Received 1 June 2009; accepted 12 September 2009. published online 18 December 2009.

Objective

This study presents technical aspects and initial results with iliac bifurcated devices (IBDs).

Methods

Since 2006, 47 IBDs were scheduled for 37 patients who were followed up between 2 and 31 months. Iliac aneurysms were unilateral in 27 patients and bilateral in 10. Two patients with bilateral common iliac artery aneurysms (CIAAs) did not have a simultaneous aortic aneurysm.
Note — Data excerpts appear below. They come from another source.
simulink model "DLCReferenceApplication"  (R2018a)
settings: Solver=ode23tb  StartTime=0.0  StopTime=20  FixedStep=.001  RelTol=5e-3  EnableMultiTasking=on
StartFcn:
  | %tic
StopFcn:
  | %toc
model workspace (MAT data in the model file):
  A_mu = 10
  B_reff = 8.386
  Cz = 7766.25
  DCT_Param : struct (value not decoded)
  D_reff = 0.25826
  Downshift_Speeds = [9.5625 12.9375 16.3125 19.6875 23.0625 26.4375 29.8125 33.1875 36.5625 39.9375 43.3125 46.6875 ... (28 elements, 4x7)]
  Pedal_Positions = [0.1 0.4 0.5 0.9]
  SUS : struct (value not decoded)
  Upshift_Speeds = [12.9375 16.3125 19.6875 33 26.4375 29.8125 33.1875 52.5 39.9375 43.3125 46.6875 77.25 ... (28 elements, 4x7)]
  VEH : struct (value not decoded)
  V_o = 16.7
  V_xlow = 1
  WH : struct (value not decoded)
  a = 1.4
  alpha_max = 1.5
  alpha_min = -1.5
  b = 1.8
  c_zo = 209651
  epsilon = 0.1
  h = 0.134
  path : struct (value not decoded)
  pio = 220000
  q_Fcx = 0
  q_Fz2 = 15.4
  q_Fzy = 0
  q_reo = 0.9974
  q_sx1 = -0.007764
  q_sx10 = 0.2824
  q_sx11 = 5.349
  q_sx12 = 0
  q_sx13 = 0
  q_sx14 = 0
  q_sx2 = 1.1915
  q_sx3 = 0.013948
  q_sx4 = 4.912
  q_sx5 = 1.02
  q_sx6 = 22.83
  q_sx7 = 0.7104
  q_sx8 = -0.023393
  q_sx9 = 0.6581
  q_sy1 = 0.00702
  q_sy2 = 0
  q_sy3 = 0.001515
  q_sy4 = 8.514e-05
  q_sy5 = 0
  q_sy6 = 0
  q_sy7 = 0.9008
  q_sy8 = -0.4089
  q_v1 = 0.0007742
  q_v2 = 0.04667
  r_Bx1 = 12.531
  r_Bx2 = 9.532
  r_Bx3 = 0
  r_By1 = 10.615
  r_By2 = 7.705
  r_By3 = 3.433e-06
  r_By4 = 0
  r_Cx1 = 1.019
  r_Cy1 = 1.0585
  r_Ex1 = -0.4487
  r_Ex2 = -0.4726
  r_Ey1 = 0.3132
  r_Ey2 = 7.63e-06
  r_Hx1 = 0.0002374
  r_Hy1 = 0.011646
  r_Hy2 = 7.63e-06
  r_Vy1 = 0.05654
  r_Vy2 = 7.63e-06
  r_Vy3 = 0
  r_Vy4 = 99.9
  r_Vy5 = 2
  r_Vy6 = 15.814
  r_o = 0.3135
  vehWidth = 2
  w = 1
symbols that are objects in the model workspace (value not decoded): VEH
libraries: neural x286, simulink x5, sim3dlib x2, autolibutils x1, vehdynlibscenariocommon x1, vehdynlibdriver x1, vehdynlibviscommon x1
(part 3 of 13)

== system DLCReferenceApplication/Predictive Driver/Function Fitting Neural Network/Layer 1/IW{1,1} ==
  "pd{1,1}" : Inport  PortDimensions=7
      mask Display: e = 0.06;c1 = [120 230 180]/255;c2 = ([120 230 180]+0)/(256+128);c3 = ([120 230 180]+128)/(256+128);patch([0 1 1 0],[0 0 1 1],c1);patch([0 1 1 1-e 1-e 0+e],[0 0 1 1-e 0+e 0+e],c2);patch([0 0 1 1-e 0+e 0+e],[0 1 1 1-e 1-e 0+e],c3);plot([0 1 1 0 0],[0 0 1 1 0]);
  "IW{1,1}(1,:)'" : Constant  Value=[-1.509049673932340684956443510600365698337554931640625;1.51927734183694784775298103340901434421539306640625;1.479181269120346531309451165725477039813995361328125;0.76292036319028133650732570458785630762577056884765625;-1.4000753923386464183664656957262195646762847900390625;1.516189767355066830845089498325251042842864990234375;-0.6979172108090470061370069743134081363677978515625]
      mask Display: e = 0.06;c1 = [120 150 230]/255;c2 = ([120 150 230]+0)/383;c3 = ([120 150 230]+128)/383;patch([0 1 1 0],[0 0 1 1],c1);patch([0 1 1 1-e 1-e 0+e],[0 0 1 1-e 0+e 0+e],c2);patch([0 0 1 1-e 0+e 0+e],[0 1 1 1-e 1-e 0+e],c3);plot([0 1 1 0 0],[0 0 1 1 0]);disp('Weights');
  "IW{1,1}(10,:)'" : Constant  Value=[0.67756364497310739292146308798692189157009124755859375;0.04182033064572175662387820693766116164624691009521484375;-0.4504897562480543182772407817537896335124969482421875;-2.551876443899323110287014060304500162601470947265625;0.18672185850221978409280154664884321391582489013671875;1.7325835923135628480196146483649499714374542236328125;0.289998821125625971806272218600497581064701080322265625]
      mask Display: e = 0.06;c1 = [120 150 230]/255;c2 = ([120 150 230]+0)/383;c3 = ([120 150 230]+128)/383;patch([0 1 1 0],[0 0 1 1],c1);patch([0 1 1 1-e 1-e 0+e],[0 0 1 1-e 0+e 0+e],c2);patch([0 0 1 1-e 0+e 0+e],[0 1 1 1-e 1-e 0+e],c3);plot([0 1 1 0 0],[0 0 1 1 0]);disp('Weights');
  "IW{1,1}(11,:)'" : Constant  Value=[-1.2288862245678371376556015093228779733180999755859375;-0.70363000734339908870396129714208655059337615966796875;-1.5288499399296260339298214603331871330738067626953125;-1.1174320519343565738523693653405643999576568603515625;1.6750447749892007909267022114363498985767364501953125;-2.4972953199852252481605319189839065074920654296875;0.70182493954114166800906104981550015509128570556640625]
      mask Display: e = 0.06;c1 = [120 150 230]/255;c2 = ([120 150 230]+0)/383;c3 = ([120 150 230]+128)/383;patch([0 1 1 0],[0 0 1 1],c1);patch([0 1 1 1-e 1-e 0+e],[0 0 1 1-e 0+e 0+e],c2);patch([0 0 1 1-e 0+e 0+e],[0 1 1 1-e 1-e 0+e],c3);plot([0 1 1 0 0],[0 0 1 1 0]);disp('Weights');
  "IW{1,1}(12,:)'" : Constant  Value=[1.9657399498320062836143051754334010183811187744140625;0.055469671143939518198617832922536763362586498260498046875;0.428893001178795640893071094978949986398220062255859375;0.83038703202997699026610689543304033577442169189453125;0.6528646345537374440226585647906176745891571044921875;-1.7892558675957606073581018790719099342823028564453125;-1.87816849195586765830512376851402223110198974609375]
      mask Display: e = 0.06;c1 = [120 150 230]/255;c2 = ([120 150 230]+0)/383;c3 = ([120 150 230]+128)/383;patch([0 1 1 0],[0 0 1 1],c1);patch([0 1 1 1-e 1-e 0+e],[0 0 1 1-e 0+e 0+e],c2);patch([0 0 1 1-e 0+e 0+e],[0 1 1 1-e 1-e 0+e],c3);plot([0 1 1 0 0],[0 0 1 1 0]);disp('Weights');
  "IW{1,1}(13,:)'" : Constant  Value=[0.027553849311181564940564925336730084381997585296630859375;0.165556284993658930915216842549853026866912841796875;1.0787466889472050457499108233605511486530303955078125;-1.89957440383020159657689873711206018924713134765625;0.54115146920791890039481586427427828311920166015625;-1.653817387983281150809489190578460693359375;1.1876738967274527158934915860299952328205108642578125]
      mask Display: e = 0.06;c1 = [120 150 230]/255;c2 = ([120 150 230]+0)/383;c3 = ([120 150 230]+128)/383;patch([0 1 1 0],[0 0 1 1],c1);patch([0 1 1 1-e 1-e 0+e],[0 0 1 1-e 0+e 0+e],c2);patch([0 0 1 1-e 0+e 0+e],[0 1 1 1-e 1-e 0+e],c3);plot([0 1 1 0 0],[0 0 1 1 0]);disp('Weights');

Two patients underwent combined thoracoabdominal aneurysm treatment with branched stent grafts, and one underwent combined juxtarenal aneurysm repair with a fenestrated device. The helical iliac side branch device was used in 11 CIAA (23.4%), and the Zenith bifurcated iliac side branch device was used in the remaining 36 (76.6%).

Results

The technical success rate was 97.3% within the 47 intended-to-treat CIAAs (failure to introduce the delivery system in one case, converted to femorofemoral bypass). During follow-up, five (10.6%) hypogastric branch occlusions occurred in five patients. Two patients with bilateral repair had unilateral internal iliac artery side branch occlusions without ischemic symptoms. In contrast, of the three patients with unilateral side branch occlusion and simultaneous contralateral internal iliac artery occlusion (2 chronic and 1 coil embolization), persistent buttock claudication and sexual dysfunction developed in one. The secondary patency, including one redo case, was 87.3% at 22 months (standard error <10%).

Conclusions

The use of branched stent grafts is a feasible procedure, including for patients with bilateral iliac aneurysmal disease or concomitant juxtarenal or thoracoabdominal aortic disease.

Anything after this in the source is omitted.